I don't know about you guys In Minnesota.. but who takes out a truck in a snow storm with a snow plow and does work for $60 an hour with that kind of liability and risk? :realmad: I mean i don't care what state you're in, thats crazy for anything commercial with liability!


----------



## John_DeereGreen (Jan 2, 2011)

Ramairfreak98ss;2017114 said:


> I don't know about you guys In Minnesota.. but who takes out a truck in a snow storm with a snow plow and does work for $60 an hour with that kind of liability and risk? :realmad: I mean i don't care what state you're in, thats crazy for anything commercial with liability!


Ohio isn't the slip and fall gold mine that NY and NJ are. You've actually gotta prove several things before you can get any judgment.

I bet if we compared liability insurance costs, yours are 10X what mine are for the same gross dollar amount.


----------



## ponyboy (Dec 19, 2006)

John_DeereGreen;2017174 said:


> Ohio isn't the slip and fall gold mine that NY and NJ are. You've actually gotta prove several things before you can get any judgment.
> 
> I bet if we compared liability insurance costs, yours are 10X what mine are for the same gross dollar amount.


BINGO winner winner chicken dinner


----------



## Buswell Forest (Jan 11, 2013)

My area, with a lot bigger plow...I would say $85-$90. With the 8', you are going to get pickup wages, maybe $50-$60.

That truck begs for a plow like a Blizzard 8611 or Fisher XV2 9.5 with pin on wings to make it 11 feet.
Fisher 10' municipal plows are very heavy, even for a 550, and are not nearly as versatile.


----------



## fatheadon1 (Dec 27, 2007)

Where im at in jersey a plow is a plow most people need the rucks so bad they take what they can get. be it a jeep with a 6'5'' shovel or my 550 i get 125 an out acrossed the board. the township i live in pays pickup rate of 140 an hour to plow township roads. snow insurance runs me 10% of the billed invoice on a 60000 seasonal last year they wanted 6000 i added that to my bid and lost the contract.


----------



## ponyboy (Dec 19, 2006)

By me everyone and their father have a plow truck most can't truly plow I'm able to find 550s with 9 foot plow for $75 an hour plus fuel min 8 hours a storm 
Then I put my salter in their bed for an extra $5 hours and when storm is over we fuel up trucks and wash trucks and salters 
If I had to pay $150 an hour I don't see most making profit that's is what a lot of contractors base their price on 
Not me 
I'm only cheap with the new guys once they are proven with me then their rates go up even subs but my main sub only gets $100 an hours plus fuel and a wash I'd rather buy a truck then sub too many last year I ran 4 subs


----------



## ProEnterprises (Dec 16, 2003)

John_DeereGreen;2017174 said:


> Ohio isn't the slip and fall gold mine that NY and NJ are. You've actually gotta prove several things before you can get any judgment.
> 
> I bet if we compared liability insurance costs, yours are 10X what mine are for the same gross dollar amount.
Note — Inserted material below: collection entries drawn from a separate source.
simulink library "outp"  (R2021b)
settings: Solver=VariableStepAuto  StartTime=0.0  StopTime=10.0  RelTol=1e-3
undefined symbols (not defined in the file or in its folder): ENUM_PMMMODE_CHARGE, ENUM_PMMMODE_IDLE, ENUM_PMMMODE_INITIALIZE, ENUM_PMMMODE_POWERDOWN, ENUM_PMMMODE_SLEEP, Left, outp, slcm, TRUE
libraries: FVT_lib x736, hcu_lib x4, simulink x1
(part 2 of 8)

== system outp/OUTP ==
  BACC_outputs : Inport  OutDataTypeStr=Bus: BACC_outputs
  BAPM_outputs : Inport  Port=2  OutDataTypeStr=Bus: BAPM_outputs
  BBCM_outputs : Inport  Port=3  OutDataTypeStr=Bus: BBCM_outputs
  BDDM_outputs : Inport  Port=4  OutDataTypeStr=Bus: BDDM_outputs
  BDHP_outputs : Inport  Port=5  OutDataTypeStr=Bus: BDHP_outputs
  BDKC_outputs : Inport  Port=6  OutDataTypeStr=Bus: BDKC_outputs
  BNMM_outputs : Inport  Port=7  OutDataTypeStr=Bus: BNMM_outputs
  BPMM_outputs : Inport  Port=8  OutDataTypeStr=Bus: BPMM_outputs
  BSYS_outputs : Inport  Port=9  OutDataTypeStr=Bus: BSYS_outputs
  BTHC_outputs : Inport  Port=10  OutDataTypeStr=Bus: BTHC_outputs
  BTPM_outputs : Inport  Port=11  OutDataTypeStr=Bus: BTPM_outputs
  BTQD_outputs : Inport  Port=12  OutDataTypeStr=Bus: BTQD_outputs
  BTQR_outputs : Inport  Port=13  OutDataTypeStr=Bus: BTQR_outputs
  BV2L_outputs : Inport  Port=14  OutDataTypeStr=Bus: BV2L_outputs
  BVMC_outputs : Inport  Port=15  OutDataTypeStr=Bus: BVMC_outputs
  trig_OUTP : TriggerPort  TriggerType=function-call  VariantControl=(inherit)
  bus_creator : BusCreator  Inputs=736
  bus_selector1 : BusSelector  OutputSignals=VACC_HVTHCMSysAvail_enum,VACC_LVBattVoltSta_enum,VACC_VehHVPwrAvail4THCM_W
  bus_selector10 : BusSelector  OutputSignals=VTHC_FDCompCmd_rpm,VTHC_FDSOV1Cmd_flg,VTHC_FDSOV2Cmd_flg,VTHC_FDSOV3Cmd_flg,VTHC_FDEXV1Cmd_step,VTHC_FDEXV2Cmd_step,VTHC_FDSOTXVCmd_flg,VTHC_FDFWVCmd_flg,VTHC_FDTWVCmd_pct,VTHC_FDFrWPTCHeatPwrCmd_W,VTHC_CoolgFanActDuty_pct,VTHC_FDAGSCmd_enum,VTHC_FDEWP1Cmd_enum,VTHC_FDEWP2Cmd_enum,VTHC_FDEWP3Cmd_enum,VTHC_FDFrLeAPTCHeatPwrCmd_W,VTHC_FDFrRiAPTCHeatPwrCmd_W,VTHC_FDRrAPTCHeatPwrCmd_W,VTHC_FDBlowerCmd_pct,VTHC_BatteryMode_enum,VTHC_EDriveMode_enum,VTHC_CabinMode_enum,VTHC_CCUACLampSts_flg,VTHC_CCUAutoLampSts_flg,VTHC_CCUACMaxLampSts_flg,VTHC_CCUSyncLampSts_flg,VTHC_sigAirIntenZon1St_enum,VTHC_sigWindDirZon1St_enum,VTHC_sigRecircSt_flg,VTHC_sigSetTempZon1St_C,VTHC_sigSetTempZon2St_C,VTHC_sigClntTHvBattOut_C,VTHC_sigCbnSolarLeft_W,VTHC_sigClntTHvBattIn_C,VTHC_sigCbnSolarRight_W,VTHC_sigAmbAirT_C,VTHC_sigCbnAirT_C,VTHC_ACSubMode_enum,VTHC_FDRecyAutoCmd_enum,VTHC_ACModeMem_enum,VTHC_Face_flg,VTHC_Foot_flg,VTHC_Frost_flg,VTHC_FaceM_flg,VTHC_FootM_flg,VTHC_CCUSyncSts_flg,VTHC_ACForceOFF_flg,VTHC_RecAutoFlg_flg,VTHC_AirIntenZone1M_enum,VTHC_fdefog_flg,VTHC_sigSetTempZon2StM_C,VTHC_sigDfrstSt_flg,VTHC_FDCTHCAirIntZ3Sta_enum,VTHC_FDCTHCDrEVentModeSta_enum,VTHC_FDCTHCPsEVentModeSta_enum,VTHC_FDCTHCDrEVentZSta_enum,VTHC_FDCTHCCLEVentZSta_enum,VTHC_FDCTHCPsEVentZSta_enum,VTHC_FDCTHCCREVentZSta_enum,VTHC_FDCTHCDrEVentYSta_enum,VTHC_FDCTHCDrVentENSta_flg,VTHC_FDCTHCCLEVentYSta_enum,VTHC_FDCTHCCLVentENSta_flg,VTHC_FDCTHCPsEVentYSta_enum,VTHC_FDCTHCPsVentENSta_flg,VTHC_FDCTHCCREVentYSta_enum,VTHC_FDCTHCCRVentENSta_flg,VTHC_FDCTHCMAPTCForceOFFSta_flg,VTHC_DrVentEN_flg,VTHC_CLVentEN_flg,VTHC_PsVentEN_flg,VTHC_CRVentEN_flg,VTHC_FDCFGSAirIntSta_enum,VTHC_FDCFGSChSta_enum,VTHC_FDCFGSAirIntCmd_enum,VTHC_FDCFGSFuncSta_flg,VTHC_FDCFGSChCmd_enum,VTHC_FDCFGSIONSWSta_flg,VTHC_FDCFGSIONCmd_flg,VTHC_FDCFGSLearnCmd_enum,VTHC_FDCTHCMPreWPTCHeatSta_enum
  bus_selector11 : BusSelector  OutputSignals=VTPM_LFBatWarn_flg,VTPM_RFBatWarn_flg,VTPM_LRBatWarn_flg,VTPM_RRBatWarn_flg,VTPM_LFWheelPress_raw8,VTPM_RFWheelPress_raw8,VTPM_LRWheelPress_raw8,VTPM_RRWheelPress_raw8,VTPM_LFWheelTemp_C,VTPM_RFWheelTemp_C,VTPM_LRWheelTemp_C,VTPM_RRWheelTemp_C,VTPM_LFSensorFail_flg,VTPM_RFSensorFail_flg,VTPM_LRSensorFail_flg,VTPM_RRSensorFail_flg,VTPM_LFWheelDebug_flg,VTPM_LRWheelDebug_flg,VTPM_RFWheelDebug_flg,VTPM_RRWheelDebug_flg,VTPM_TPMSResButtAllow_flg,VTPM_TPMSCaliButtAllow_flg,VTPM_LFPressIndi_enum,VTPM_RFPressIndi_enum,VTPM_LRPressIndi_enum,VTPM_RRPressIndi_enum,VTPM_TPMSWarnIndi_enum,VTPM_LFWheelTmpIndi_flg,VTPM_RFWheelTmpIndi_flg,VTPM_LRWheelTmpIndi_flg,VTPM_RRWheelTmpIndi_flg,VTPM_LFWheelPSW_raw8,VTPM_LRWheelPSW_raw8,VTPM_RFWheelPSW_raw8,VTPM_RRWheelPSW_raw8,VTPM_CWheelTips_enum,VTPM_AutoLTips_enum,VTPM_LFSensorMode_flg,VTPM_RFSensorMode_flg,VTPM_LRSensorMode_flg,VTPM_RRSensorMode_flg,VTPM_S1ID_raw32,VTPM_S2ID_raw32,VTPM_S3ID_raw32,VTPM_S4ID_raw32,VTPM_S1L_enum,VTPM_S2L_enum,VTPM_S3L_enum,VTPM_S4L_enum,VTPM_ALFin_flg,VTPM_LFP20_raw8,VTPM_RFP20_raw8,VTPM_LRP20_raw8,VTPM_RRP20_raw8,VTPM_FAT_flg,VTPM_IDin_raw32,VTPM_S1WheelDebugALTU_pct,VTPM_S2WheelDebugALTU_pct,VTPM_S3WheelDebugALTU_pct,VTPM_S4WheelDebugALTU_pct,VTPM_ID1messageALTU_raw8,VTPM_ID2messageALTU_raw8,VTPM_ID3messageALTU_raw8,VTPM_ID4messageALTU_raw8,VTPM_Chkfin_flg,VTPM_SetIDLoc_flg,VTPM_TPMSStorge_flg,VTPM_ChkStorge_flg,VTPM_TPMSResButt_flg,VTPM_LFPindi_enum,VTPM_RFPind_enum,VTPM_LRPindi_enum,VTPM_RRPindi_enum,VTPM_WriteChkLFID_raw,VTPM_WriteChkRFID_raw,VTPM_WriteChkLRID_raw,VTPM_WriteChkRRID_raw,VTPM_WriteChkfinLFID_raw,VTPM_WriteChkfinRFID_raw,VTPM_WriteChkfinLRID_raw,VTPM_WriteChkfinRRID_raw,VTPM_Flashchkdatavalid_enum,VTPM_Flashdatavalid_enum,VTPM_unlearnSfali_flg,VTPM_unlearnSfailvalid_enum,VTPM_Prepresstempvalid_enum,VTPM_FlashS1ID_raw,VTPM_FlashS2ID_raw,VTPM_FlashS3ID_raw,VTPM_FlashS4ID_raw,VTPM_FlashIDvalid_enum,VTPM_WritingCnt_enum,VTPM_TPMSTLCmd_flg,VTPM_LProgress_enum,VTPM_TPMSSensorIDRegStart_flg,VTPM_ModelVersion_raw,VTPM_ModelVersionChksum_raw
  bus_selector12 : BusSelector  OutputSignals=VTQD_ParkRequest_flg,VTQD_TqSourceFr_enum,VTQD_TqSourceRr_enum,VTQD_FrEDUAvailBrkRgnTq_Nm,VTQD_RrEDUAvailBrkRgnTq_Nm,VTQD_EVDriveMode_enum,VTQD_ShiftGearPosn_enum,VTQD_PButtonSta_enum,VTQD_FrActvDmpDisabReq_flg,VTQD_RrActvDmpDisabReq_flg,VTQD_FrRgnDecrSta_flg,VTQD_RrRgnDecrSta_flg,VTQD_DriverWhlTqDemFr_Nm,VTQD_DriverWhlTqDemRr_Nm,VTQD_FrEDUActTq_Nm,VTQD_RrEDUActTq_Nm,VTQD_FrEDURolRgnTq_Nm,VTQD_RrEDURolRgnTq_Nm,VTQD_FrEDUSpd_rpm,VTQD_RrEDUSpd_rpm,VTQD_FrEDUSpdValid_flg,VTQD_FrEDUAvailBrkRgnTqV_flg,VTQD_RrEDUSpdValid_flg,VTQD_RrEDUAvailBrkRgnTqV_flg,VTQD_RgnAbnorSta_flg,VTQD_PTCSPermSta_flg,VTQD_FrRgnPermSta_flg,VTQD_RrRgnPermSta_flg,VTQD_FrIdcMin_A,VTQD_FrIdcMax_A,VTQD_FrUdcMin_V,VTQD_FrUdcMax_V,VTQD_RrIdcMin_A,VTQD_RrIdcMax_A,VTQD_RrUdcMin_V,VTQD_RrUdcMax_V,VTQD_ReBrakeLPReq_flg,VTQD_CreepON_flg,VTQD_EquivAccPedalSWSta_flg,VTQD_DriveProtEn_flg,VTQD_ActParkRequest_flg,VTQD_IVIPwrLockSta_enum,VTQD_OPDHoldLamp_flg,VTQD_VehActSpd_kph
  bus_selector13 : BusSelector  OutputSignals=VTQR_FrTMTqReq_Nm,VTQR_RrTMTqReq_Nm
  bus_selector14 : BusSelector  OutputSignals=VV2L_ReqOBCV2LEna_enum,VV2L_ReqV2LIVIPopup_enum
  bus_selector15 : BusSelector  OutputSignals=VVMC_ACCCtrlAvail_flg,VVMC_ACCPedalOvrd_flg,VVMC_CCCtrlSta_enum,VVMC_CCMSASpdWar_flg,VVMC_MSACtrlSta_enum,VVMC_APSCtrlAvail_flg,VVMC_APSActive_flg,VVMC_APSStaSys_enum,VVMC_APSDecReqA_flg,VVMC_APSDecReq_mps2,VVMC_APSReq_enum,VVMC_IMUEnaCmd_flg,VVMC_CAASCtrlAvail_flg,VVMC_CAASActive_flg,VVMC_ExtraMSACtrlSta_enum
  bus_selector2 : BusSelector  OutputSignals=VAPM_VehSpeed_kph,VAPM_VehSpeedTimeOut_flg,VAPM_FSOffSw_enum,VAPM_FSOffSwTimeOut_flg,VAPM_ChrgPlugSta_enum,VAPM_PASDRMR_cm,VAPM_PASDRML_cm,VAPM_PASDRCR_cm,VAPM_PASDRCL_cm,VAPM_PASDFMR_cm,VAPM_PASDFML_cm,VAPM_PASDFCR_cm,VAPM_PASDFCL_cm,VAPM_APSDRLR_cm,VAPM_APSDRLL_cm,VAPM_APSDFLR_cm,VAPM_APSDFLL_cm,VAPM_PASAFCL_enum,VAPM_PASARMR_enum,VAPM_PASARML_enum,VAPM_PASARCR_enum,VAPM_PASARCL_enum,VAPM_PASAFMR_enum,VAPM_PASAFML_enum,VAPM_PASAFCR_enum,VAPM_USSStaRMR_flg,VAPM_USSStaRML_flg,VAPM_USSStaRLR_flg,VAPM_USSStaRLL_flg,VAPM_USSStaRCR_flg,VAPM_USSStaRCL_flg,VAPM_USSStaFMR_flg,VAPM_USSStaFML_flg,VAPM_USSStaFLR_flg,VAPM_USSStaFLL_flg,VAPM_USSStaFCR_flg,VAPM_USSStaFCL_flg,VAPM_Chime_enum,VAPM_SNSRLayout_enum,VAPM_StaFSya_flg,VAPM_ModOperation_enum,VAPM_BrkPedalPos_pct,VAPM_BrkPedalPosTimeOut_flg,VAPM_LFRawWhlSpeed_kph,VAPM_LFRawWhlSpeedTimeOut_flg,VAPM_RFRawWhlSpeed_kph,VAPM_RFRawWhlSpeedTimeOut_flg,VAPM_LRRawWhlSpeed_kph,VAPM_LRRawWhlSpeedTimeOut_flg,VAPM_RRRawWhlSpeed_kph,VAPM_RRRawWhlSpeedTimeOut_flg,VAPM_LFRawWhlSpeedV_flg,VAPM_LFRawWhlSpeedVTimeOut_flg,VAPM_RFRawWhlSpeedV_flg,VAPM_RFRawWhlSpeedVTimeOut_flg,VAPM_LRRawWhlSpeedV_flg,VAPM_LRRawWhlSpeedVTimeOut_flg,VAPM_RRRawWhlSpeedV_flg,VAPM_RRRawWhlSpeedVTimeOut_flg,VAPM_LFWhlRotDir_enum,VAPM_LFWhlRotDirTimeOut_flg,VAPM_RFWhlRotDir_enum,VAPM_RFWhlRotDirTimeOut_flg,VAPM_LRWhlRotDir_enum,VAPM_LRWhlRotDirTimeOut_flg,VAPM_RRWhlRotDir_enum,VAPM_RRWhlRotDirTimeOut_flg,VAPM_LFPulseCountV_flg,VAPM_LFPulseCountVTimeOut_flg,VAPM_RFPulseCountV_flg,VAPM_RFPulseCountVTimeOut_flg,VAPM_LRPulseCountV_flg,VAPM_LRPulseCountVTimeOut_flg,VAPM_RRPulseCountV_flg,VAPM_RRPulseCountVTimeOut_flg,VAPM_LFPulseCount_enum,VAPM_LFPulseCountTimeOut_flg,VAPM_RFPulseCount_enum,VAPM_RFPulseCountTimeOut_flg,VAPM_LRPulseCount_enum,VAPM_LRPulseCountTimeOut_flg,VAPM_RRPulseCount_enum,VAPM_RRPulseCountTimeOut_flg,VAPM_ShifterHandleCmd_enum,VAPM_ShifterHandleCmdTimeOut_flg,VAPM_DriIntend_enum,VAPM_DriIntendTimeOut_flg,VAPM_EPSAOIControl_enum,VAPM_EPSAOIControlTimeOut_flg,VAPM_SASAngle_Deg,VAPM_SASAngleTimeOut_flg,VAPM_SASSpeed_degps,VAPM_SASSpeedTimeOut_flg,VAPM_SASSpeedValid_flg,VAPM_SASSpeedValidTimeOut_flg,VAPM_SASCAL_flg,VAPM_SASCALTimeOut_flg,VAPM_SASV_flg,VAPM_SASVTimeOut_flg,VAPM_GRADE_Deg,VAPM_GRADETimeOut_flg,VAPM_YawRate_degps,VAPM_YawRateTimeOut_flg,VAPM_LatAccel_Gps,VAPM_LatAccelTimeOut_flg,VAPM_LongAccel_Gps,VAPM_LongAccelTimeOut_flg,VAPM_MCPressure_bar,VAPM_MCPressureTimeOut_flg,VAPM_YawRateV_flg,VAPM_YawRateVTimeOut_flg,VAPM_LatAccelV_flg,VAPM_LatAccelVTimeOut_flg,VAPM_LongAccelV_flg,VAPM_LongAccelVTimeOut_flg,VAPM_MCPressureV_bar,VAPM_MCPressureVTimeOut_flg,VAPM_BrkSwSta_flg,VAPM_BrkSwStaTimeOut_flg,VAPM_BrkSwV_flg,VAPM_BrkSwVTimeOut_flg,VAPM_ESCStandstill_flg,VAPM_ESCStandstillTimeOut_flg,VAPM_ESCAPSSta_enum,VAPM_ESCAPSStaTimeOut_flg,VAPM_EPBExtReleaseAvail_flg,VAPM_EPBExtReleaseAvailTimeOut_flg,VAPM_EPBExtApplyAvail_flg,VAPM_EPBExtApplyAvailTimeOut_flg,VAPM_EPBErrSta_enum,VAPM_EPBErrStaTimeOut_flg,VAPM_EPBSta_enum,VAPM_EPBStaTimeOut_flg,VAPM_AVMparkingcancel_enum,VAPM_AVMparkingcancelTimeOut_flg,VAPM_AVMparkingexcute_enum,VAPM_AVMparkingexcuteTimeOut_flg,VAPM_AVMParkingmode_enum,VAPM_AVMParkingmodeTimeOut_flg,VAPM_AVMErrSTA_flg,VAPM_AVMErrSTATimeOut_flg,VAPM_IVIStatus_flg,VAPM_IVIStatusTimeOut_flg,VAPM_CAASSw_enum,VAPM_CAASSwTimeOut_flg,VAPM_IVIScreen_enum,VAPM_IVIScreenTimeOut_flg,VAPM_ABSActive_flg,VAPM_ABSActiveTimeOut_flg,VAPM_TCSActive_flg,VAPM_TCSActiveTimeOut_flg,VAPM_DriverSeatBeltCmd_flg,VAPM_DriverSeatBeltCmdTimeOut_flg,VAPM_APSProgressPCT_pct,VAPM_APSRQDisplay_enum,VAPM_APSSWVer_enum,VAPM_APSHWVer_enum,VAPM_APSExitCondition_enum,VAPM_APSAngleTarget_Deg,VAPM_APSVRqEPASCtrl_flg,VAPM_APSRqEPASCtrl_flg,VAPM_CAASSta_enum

I agree with you. Just curious, what do you have to prove before getting judgement?


----------



## John_DeereGreen (Jan 2, 2011)

ProEnterprises;2017370 said:


> I agree with you. Just curious, what do you have to prove before getting judgement?


You've got to prove that the property owner and/or contractor had the obligation to keep you from being injured on their property, and that they did not live up to this obligation. Once you've proven that, you've got to prove that them not living up to that obligation caused your injury. After you've done all that, you have to prove (read:justify) what you are claiming for damages and why you're claiming it.

At least that's how my lawyer summarized it in an email to me last fall when I had a slip and fall at a retail complex. I've talked to several contractors that have had slip and fall incidents in OH and one of the 12 slip and falls between us all got a settlement. 3 didn't even make it past the insurance company's lawyers, 2 got thrown out in court, and the rest didn't win their case in court.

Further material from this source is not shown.